A typical sidewalk bike. I think maybe Gendron but @cr250mark @ridingtoy or @Oldbikes may be able to help. V/r Shawn


----------



## Archie Sturmer (Aug 20, 2022)

The parts of the 2-piece crank and chain tensioner screws and studs look kind of like Colson (or Worthington, before 1917); but Colson was not the only manufacturer to use lug joints on their frames.


----------



## ridingtoy (Aug 20, 2022)

Is there a hole pattern or even an outline on the head tube where a badge may have been attached? A small detail like that could help narrow down the manufacturer.
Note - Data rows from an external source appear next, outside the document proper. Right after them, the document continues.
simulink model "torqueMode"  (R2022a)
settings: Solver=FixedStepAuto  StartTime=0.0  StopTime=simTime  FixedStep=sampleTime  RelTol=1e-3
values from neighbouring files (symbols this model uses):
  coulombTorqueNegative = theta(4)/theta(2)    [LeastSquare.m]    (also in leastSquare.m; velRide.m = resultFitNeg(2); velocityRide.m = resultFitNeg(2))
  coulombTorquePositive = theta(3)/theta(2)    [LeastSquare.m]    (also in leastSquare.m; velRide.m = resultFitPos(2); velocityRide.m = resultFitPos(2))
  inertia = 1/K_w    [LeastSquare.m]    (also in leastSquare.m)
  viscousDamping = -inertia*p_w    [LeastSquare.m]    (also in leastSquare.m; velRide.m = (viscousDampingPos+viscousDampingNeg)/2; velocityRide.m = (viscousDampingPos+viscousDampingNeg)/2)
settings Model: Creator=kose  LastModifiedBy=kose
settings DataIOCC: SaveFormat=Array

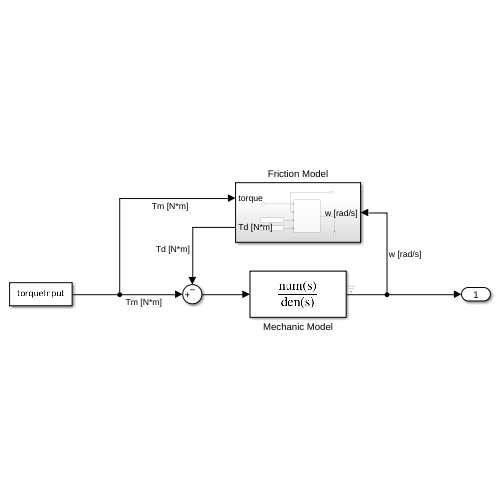
[thumbnail: Simulink's stored preview of the top-level diagram]
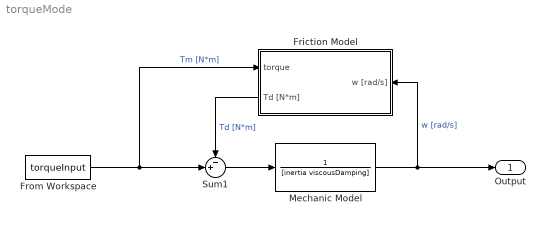
== system torqueMode ==
  Friction Model : Subsystem
      settings: PortSchema="{\"entries\":[{\"content\":{\"sides\":[{\"content\":{\"connectorIds\":[\"In1\"]},\"type\":\"ConnectorPlacement.EquallySpacedRectSide\",\"uuid\":\"8173ecdf-76e4-4809-8dcd-ec0655641a82\"},{\"content\":{\"connectorIds\":[\"In2\",\"Out1\"],\"side\":\"RIGHT\"},\"type\":\"ConnectorPlacement.EquallySpacedRectSide\",\"uuid\":\"02bfb555-c54c-45db-8ee8-f3cb4a7ead24\"},{\"content\":{\"connectorIds\":[],\"side\":\"TOP\"},\"type\":\"ConnectorPlacement.EquallySpacedRectSide\",\"uuid\":\"776da3c7-b053-4a98-8e1b-c60377d5559b\"}]},\"type\":\"ConnectorPlacement.EquallySpacedConnector\",\"uuid\":\"773d656e-d403-490b-8d7a-ce1c081af26d\"}],\"packageUris\":[\"http://schema.mathworks.com/mf0/Connector/R2020b\"],\"version\":\"1.0\"}"
  From Workspace : FromWorkspace  VariableName=torqueInput
  Mechanic Model : TransferFcn  Denominator=[inertia viscousDamping]
  Sum1 : Sum  Inputs=-+|
  Output : Outport
  wires:
  Mechanic Model/1 -> Friction Model/1(w [rad/s]), Output/1  "w [rad/s]"
  From Workspace/1 -> Friction Model/2(torque), Sum1/2  "Tm [N*m]"
  Sum1/1 -> Mechanic Model/1
  Friction Model/1(Td [N*m]) -> Sum1/1  "Td [N*m]"

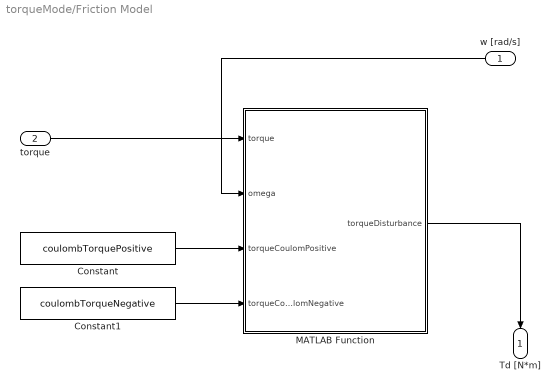
== system torqueMode/Friction Model ==
  w [rad/s] : Inport
  torque : Inport  Port=2
  Constant : Constant  Value=coulombTorquePositive
  Constant1 : Constant  Value=coulombTorqueNegative
  MATLAB Function : MATLAB Function  TreatAsAtomicUnit=on
  Td [N*m] : Outport
  wires:
  w [rad/s]/1 -> MATLAB Function/2(omega)
  Constant/1 -> MATLAB Function/3(torqueCoulomPositive)
  torque/1 -> MATLAB Function/1(torque)
  MATLAB Function/1(torqueDisturbance) -> Td [N*m]/1
  Constant1/1 -> MATLAB Function/4(torqueCoulomNegative)

== matlab function torqueMode/Friction Model/MATLAB Function ==
  data: torque input; torqueDisturbance output; omega input; torqueCoulomPositive input; torqueCoulomNegative input
function torqueDisturbance = fcn(torque, omega, torqueCoulomPositive, torqueCoulomNegative)

if omega > 0
    torqueDisturbance = torqueCoulomPositive;
elseif omega < 0
    torqueDisturbance = torqueCoulomNegative;    
elseif omega == 0 &&  torque < torqueCoulomPositive
    torqueDisturbance = torque;
elseif omega == 0 && torque < torqueCoulomNegative
    torqueDisturbance = torque;
else
    torqueDisturbance = 0;
end
end
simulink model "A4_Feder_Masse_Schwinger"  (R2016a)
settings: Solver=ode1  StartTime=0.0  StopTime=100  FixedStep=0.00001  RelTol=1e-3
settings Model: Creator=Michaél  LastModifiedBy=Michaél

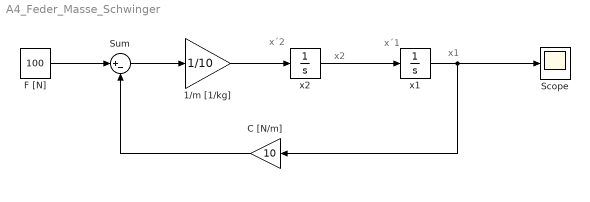
== system A4_Feder_Masse_Schwinger ==
  note: x´2
  note: x2
  note: x´1
  note: x1
  1/m [1/kg] : Gain  Gain=1/10
  C [N/m] : Gain  Gain=10
  F [N] : Constant  Value=100
  Scope : Scope
  Sum : Sum  Inputs=|+-
  x1 : Integrator
  x2 : Integrator
  wires:
  1/m [1/kg]/1 -> x2/1
  x2/1 -> x1/1
  Sum/1 -> 1/m [1/kg]/1
  F [N]/1 -> Sum/1
  x1/1 -> Scope/1, C [N/m]/1
  C [N/m]/1 -> Sum/2
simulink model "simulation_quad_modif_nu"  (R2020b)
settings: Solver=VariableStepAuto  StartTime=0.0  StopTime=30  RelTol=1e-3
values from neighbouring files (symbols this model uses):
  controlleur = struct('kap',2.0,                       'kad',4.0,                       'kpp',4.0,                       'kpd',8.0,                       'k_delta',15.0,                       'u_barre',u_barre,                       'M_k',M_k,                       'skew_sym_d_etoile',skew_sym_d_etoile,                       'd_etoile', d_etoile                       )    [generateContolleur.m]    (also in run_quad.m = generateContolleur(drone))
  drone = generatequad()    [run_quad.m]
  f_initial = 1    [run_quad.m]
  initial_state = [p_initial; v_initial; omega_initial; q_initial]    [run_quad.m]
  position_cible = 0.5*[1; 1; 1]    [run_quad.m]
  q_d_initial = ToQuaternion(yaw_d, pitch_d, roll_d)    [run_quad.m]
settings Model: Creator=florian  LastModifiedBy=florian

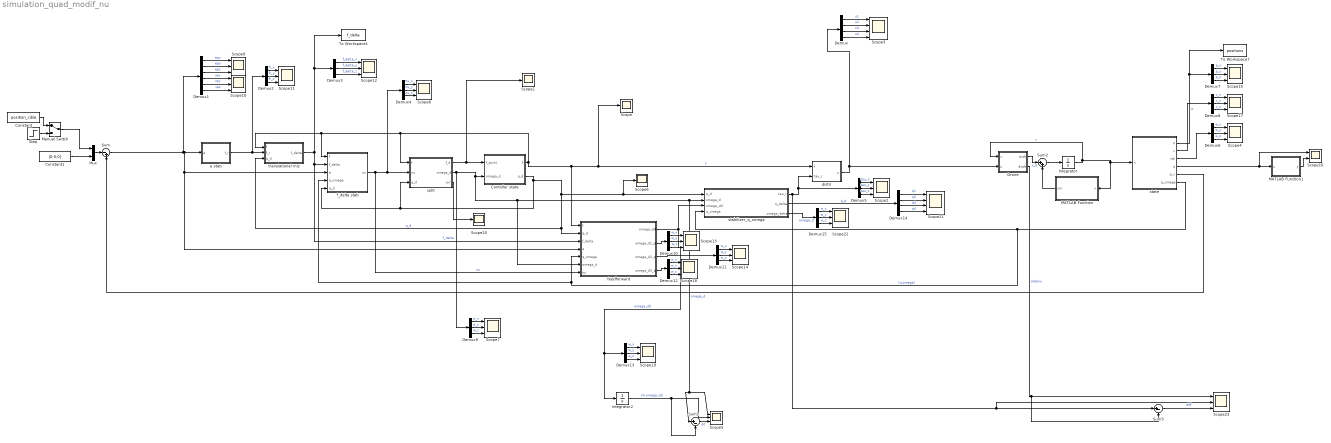
== system simulation_quad_modif_nu ==
  Constant : Constant  Value=position_cible
  Constant1 : Constant  Value=[0;0;0]
  Contoller state : Subsystem
  Demux : Demux
  Demux1 : Demux  Outputs=6
  Demux{2..13,15} (13 alike) : Demux  Outputs=3
  Demux14 : Demux
  Drone : MATLAB Function  TreatAsAtomicUnit=on
  Integrator : Integrator  InitialCondition=initial_state
  Integrator2 : Integrator
  MATLAB Function : MATLAB Function  TreatAsAtomicUnit=on
  MATLAB Function1 : MATLAB Function  TreatAsAtomicUnit=on
  Manual Switch : ManualSwitch
  Mux : Mux  Inputs=2
  Scope{,1,6,20} (4 alike) : Scope
  Scope{2,4..5,7..15,17..19,22..23} (17 alike) : Scope  NumInputPorts=3
  Scope16 : Scope  NumInputPorts=2
  Scope21 : Scope  NumInputPorts=4
  Scope3 : Scope  NumInputPorts=4
  Step : Step  Time=10  Before=position_cible  After=[0;0;0]  SampleTime=0
  Sum : Sum  Inputs=|-+
  Sum1 : Sum  Inputs=|+-
  Sum2 : Sum  Inputs=|++
  Sum3 : Sum  Inputs=|+-
  To Workspace1 : ToWorkspace  VariableName=f_delta  SampleTime=-1
  To Workspace7 : ToWorkspace  VariableName=positions  SampleTime=-1
  distri : MATLAB Function  TreatAsAtomicUnit=on
  e stab : MATLAB Function  TreatAsAtomicUnit=on
  f_delta stab : MATLAB Function  TreatAsAtomicUnit=on
  feedforward : MATLAB Function  TreatAsAtomicUnit=on
  split : MATLAB Function  TreatAsAtomicUnit=on
  stabilizer_q_omega : MATLAB Function  TreatAsAtomicUnit=on
  state : MATLAB Function  TreatAsAtomicUnit=on
  translational mis : MATLAB Function  TreatAsAtomicUnit=on
  wires:
  Integrator/1 -> Drone/1(x), MATLAB Function/1(x), state/1(x)  "x"
  Demux7/2 -> Scope15/2  "p_y"
  state/1(p) -> To Workspace7/1, Demux7/1  "p"
  state/4(q) -> Scope16/1, MATLAB Function1/1(u)
  Demux8/3 -> Scope17/3  "v_z"
  Demux8/1 -> Scope17/1  "v_x"
  MATLAB Function1/1(y) -> Scope16/2
  Demux8/2 -> Scope17/2  "v_y"
  state/2(v) -> Demux8/1
  Demux7/1 -> Scope15/1  "p_x"
  Demux7/3 -> Scope15/3  "p_z"
  Drone/1(dxdt) -> Sum2/1  "x_d"
  Sum2/1 -> Integrator/1
  MATLAB Function/1(cor) -> Sum2/2
  Demux6/2 -> Scope4/2  "w_y"
  Demux6/3 -> Scope4/3  "w_z"
  state/3(wb) -> Demux6/1
  Demux6/1 -> Scope4/1  "w_x"
  Constant1/1 -> Mux/2
  Demux4/2 -> Scope8/2  "nu_y"
  f_delta stab/1(nu) -> feedforward/7(nu), Demux4/1, split/2(nu)  "nu"
  Demux9/1 -> Scope7/1  "w_x"
  Mux/1 -> Sum/1
  split/3(err) -> Scope20/1
  Step/1 -> Manual Switch/2
  Constant/1 -> Manual Switch/1
  Demux11/2 -> Scope14/2  "w_y"
  Contoller state/1(f) -> f_delta stab/1(f), translational mis/1(f), split/1(f), feedforward/1(f), Scope/1, distri/1(f)  "f"
  feedforward/1(omega_dd) -> stabilizer_q_omega/3(omega_dd), Demux13/1, Integrator2/1  "omega_dd"
  Demux13/2 -> Scope19/2  "w_y"
  Demux3/1 -> Scope12/1  "f_delta_x"
  Demux1/4 -> Scope10/1  "vpx"
  Demux/2 -> Scope3/2  "u2"
  Demux9/3 -> Scope7/3  "w_z"
  state/6(q_omega) -> f_delta stab/4(q_omega), feedforward/5(q_omega), stabilizer_q_omega/4(q_omega)  "(q,omega)"
  Demux12/2 -> Scope18/2  "w_y"
  state/5(p_v) -> Sum/2
  Demux3/3 -> Scope12/3  "f_delta_z"
  Manual Switch/1 -> Mux/1
  Demux13/1 -> Scope19/1  "w_x"
  Demux11/3 -> Scope14/3  "w_z"
  Demux/4 -> Scope3/4  "u4"
  Demux2/1 -> Scope11/1  "fr_x"
  Demux13/3 -> Scope19/3  "w_z"
  Demux10/3 -> Scope13/3  "w_z"
  Demux9/2 -> Scope7/2  "w_y"
  Demux5/2 -> Scope2/2  "tau_y"
  e stab/1(f_r) -> Demux2/1, translational mis/2(f_r)
  Demux/1 -> Scope3/1  "u1"
  Demux2/2 -> Scope11/2  "fr_y"
  feedforward/3(omega_d2_p) -> Demux11/1
  Demux15/3 -> Scope22/3  "w_z"
  Demux4/3 -> Scope8/3  "nu_z"
  Demux14/4 -> Scope21/4  "q4"
  split/2(omega_d) -> Demux9/1, feedforward/6(omega_d), Sum1/1, Scope5/1, stabilizer_q_omega/2(omega_d), Contoller state/2(omega_d)  "omega_d"
  Demux4/1 -> Scope8/1  "nu_x"
  Demux14/1 -> Scope21/1  "q1"
  Demux15/2 -> Scope22/2  "w_y"
  Contoller state/2(q_d) -> f_delta stab/5(q_d), split/3(q_d), feedforward/2(q_d), translational mis/3(q_d), Scope6/1, stabilizer_q_omega/1(q_d)  "q_d"
  feedforward/2(omega_d1_p) -> Demux10/1
  Demux15/1 -> Scope22/1  "w_x"
  stabilizer_q_omega/2(q_delta) -> Demux14/1  "q_d"
  Sum1/1 -> Scope5/3  "dif"
  Demux11/1 -> Scope14/1  "w_x"
  Demux12/1 -> Scope18/1  "w_x"
  Demux12/3 -> Scope18/3  "w_z"
  feedforward/4(omega_d3_p) -> Demux12/1
  Demux10/2 -> Scope13/2  "w_y"
  Demux1/2 -> Scope9/2  "epy"
  Demux10/1 -> Scope13/1  "w_x"
  distri/1(u) -> Drone/2(u), Demux/1
  Demux5/1 -> Scope2/1  "tau_x"
  Demux1/6 -> Scope10/3  "vpz"
  split/1(f_d) -> Scope1/1, Contoller state/1(f_point)
  Demux5/3 -> Scope2/3  "tau_z"
  Demux2/3 -> Scope11/3  "fr_z"
  Demux3/2 -> Scope12/2  "f_delta_y"
  stabilizer_q_omega/3(omega_delta) -> Demux15/1  "omega_d"
  Sum/1 -> Demux1/1, feedforward/4(e), f_delta stab/3(e), e stab/1(e)
  translational mis/1(f_delta) -> Demux3/1, To Workspace1/1, feedforward/3(f_delta), f_delta stab/2(f_delta)  "f_delta"
  Demux14/3 -> Scope21/3  "q3"
  Demux1/1 -> Scope9/1  "epx"
  Demux1/3 -> Scope9/3  "epz"
  Demux1/5 -> Scope10/2  "vpy"
  Demux/3 -> Scope3/3  "u3"
  Integrator2/1 -> Sum1/2, Scope5/2  "int omega_dd"
  Demux14/2 -> Scope21/2  "q2"
  Drone/2(dwdt) -> Sum3/2, Scope23/1  "obtenu"
  Sum3/1 -> Scope23/3  "diff"
  stabilizer_q_omega/1(tau_r) -> Scope23/2, Sum3/1, Demux5/1, distri/2(tau_r)

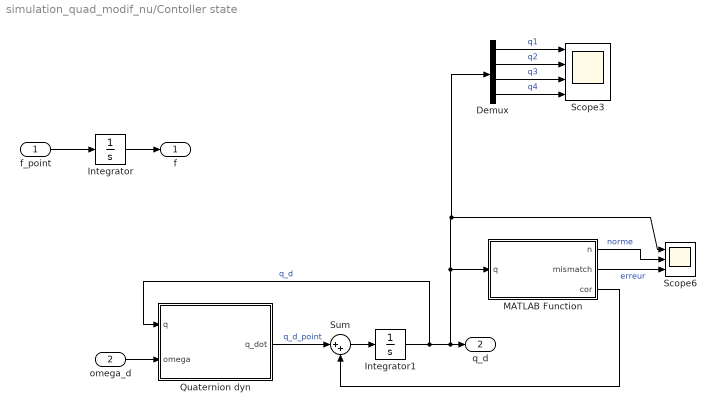
== system simulation_quad_modif_nu/Contoller state ==
  f_point : Inport
  omega_d : Inport  Port=2
  Demux : Demux
  Integrator : Integrator  InitialCondition=f_initial
  Integrator1 : Integrator  InitialCondition=q_d_initial
  MATLAB Function : MATLAB Function  TreatAsAtomicUnit=on
  Quaternion dyn : MATLAB Function  TreatAsAtomicUnit=on
  Scope3 : Scope  NumInputPorts=4
  Scope6 : Scope  NumInputPorts=3
  Sum : Sum  Inputs=|++
  f : Outport
  q_d : Outport  Port=2
  wires:
  Integrator/1 -> f/1
  f_point/1 -> Integrator/1
  Integrator1/1 -> Quaternion dyn/1(q), Demux/1, Scope6/1, MATLAB Function/1(q), q_d/1  "q_d"
  omega_d/1 -> Quaternion dyn/2(omega)
  Quaternion dyn/1(q_dot) -> Sum/1  "q_d_point"
  Sum/1 -> Integrator1/1
  MATLAB Function/3(cor) -> Sum/2
  MATLAB Function/1(n) -> Scope6/2  "norme"
  MATLAB Function/2(mismatch) -> Scope6/3  "erreur"
  Demux/3 -> Scope3/3  "q3"
  Demux/2 -> Scope3/2  "q2"
  Demux/1 -> Scope3/1  "q1"
  Demux/4 -> Scope3/4  "q4"

== matlab function simulation_quad_modif_nu/Contoller state/MATLAB Function ==
  data: n output; q input; mismatch output; cor output
function [n, mismatch, cor] = fcn(q)
%#codegen
n = norm(q);
mismatch = 1-norm(q);
cor = mismatch*q;

== matlab function simulation_quad_modif_nu/MATLAB Function1 ==
  data: u input; y output
function y = fcn(u)
%#codegen

y = norm(u);

== matlab function simulation_quad_modif_nu/Contoller state/Quaternion dyn ==
  data: q input; q_dot output; omega input
function q_dot = q_dyn(q, omega)
%#codegen

eta = q(1);
eps = q(2:4);

A = [-eps';  eta*eye(3)+skew_sym(eps)];
q_dot = 1/2*A*omega;

== matlab function simulation_quad_modif_nu/state ==
  data: x input; p output; v output; wb output; q output; p_v output; q_omega output
function [p, v, wb, q, p_v, q_omega] = demux(x)
%#codegen

p = x(1:3);
v = x(4:6);
wb = x(7:9);
q  = x(10:13);
p_v = x(1:6);
q_omega = [q; wb];

== matlab function simulation_quad_modif_nu/MATLAB Function ==
  data: x input; cor output
function cor  = fcn(x)
%#codegen
q  = x(10:13);
n = norm(q);
mismatch = 1-n;
cor = [0;0;0; 0;0;0; 0;0;0; mismatch*q];

== matlab function simulation_quad_modif_nu/distri ==
  data: f input; u output; tau_r input; controlleur parameter
function u = dist(f,tau_r, controlleur)
%#codegen
u = controlleur.M_k * tau_r + controlleur.u_barre * f;

== matlab function simulation_quad_modif_nu/Drone ==
  data: x input; u input; dxdt output; drone parameter; dwdt output
function [dxdt, dwdt]= drone(x, u, drone)

%% physical constants
% gravity
g = drone.G;
% vehicle mass
m = drone.MASS;
% vehicle inertia matrix
J = drone.INERTIA; % [3x3 real symmetric] in body axis

%% state demultiplexing
% p = x(1:3);
v = x(4:6);
wb = x(7:9);
q  = x(10:13);

Rq = q2dcm(q);

% position
dpdt = v;

% kinematics
dvdt =  -[0;0;g] + (1/m)*Rq*drone.Fb*u; 

%% angular velocity derivative
% kinematics
dwdt = -J\cross(wb, J*wb) + J\(drone.Mb*u);

%% quaternion derivative
eta = q(1);
eps = q(2:4);

dqdt = (1/2)*[-eps'; eta*eye(3) + skew_sym(eps)]*wb;

%% derivative multiplexing
dxdt = [dpdt; dvdt; dwdt; dqdt] ;

== matlab function simulation_quad_modif_nu/stabilizer_q_omega ==
  data: q_d input; omega_d input; omega_dd input; q_omega input; tau_r output; controlleur parameter; drone parameter; q_delta output; omega_delta output
function [tau_r, q_delta, omega_delta]  = stabilizer_q_omega(q_d, omega_d, omega_dd, q_omega, controlleur, drone )

J = drone.INERTIA;

q = q_omega(1:4);
omega = q_omega(5:7);

eta = q(1);
eps = q(2:4);

eta_d = q_d(1);
eps_d = q_d(2:4);

eta_delta = eta_d*eta + eps_d'*eps;
eps_delta = -eta*eps_d + eta_d*eps - skew_sym(eps_d)*eps;

omega_delta = omega - omega_d;

tau_r = - controlleur.kap * eps_delta - controlleur.kad * omega_delta + cross(omega, J* omega) + J*omega_dd;
q_delta = [eta_delta; eps_delta];
end

== matlab function simulation_quad_modif_nu/split ==
  data: f input; nu input; f_d output size=1; q_d input; omega_d output size=3; controlleur parameter; err output
function [f_d, omega_d, err] = split(f, nu, q_d, controlleur)
%#codegen

R_d = q2dcm(q_d);

f_d = (R_d * controlleur.d_etoile)' * nu;
omega_d = 1/f * controlleur.skew_sym_d_etoile * R_d' * nu;

err =  R_d*controlleur.d_etoile*f_d + R_d* skew_sym(omega_d) * controlleur.d_etoile * f - nu;

== matlab function simulation_quad_modif_nu/f_delta stab ==
  data: f input; f_delta input; nu output; e input; q_omega input; q_d input; controlleur parameter; drone parameter
function nu = stab_f_delta(f, f_delta, e, q_omega, q_d, controlleur, drone)
%#codegen
m = drone.MASS;
kpp = controlleur.kpp;
kpd = controlleur.kpd;
k_delta = controlleur.k_delta;

ep = e(1:3);
ev = e(4:6);

q = q_omega(1:4);
% omega = q_omega(5:7);

R = q2dcm(q);
Rd = q2dcm(q_d);

nu = ((kpp * kpd)/m) * ep + (kpd^2/m - kpp) * ev - (kpd/m + k_delta) * f_delta -kpd/m * (R-Rd) * controlleur.d_etoile * f;

== matlab function simulation_quad_modif_nu/translational mis ==
  data: f input; f_r input; f_delta output; q_d input; controlleur parameter
function f_delta = trans_mis(f, f_r,  q_d, controlleur)
%#codegen

f_delta = q2dcm(q_d) * controlleur.d_etoile * f - f_r;

== matlab function simulation_quad_modif_nu/e stab ==
  data: e input; f_r output; drone parameter; controlleur parameter
function f_r = e_stab(e, drone, controlleur)
%#codegen
ep = e(1:3);
ev = e(4:6);

f_r = drone.MASS * [0;0;drone.G] - controlleur.kpp * ep - controlleur.kpd * ev;

== matlab function simulation_quad_modif_nu/feedforward ==
  data: f input; omega_dd output; q_d input; f_delta input; e input; q_omega input; omega_d input; nu input; controlleur parameter; drone parameter; omega_d1_p output; omega_d2_p output; omega_d3_p output
function [omega_dd, omega_d1_p, omega_d2_p, omega_d3_p]  = feedforward(f, q_d, f_delta,e, q_omega,omega_d, nu, controlleur, drone)
%#codegen

d_etoile = controlleur.d_etoile;
kpp = controlleur.kpp;
kpd = controlleur.kpd;
k_delta = controlleur.k_delta;
m = drone.MASS;

ep = e(1:3);
ev = e(4:6);

q = q_omega(1:4);
omega = q_omega(5:7);

R = q2dcm(q);
Rd = q2dcm(q_d);

omega_d1_p = -(1/(f^2)) * skew_sym(d_etoile) * Rd' * nu * ( Rd * d_etoile)' * nu;
omega_d2_p = -(1/(f))* skew_sym(d_etoile) * skew_sym(omega_d) * Rd' * nu;

Gain = (kpd^2/m^2 - kpp/m);

ep_term = - Gain*kpp*ep;
ev_term = (kpp*kpd/m - Gain*kpd)*ev;
f_delta_term = (Gain + (kpd/m + k_delta)*k_delta)*f_delta;
f_term = (Gain*(R-Rd) + kpd/m * (Rd*skew_sym(omega_d) - R*skew_sym(omega)))*d_etoile* f;
nu_term = kpd/m * (Rd-R) * d_etoile * (Rd*d_etoile)'* nu;

omega_d3_p = (1/f) * skew_sym(d_etoile) * Rd'* (ep_term + ev_term + f_delta_term + f_term + nu_term); 

omega_dd = omega_d1_p + omega_d2_p + omega_d3_p ; %

Pretty neat that the gentleman kept his childhood bicycle for nearly his entire life.

Dave


----------



## cr250mark (Aug 21, 2022)

I’d shoot for 1930-33
Colson fairy
 EArlier 1927-29 used rear strap frame style incorporating tube on front head , upper lower portions
Lugging and chainring look pretty textbook
Also tall wishbone rear stays and smaller to scale front wheel swooped fork combo
Always looked a little off to me ( wrong wheel , bent missing something)
Only a opinion here , always fond of the juvenile collection

mark


----------



## pdx_racer (Aug 22, 2022)

cr250mark said:


> I’d shoot for 1930-33
> Colson fairy
> EArlier 1927-29 used rear strap frame style incorporating tube on front head , upper lower portions
> Lugging and chainring look pretty textbook
> ...


----------



## cr250mark (Aug 22, 2022)

My hunch by the long axle bolt sticking out past Nut pretty extensively on front wheel 
Is that front wheel had been replaced at one point 

mark


----------



## pdx_racer (Aug 22, 2022)

cr250mark said:


> My hunch by the long axle bolt sticking out past Nut pretty extensively on front wheel
> Is that front wheel had been replaced at one point
> 
> mark



Any advice on where/how to start on a restoration or preservation project on this.   What's the first step to deal with the surface rust on the frame?


----------



## ridingtoy (Aug 22, 2022)

cr250mark said:


> My hunch by the long axle bolt sticking out past Nut pretty extensively on front wheel
> Is that front wheel had been replaced at one point
> 
> mark



Plus, the front wheel noticeably is a smaller diameter with welded spokes. The rear wheel has spokes and nipples.

Dave


----------



## cr250mark (Aug 22, 2022)

Restoration
Boy up to you no advice here
I do not restore any item but preserve their originality if I can .
Most of the time it may be simply finding best as original missing parts
Or enhancing a damaged item with the same but better condition item

I can tell you that I have about 12 sidewalk or juvenile bikes
Down from 30 they sell for $150 $300 tops
And boy I have had some nice complete originals that fell into this price category
I have paid up for a few I “ wanted “ but the only one that made out was the seller if your looking at $

restoration will cost you well over bikes value
I would not go that route
Only my opinion

mark


----------



## bikiba (Sep 27, 2022)

im a sucker for anything new departure. i used to have a few of those Jr hubs => https://thecabe.com/forum/threads/nd-junior.106279/

if you are going to research the sidewalk bikes, i would start with that hub and see what the dates are when they were used


----------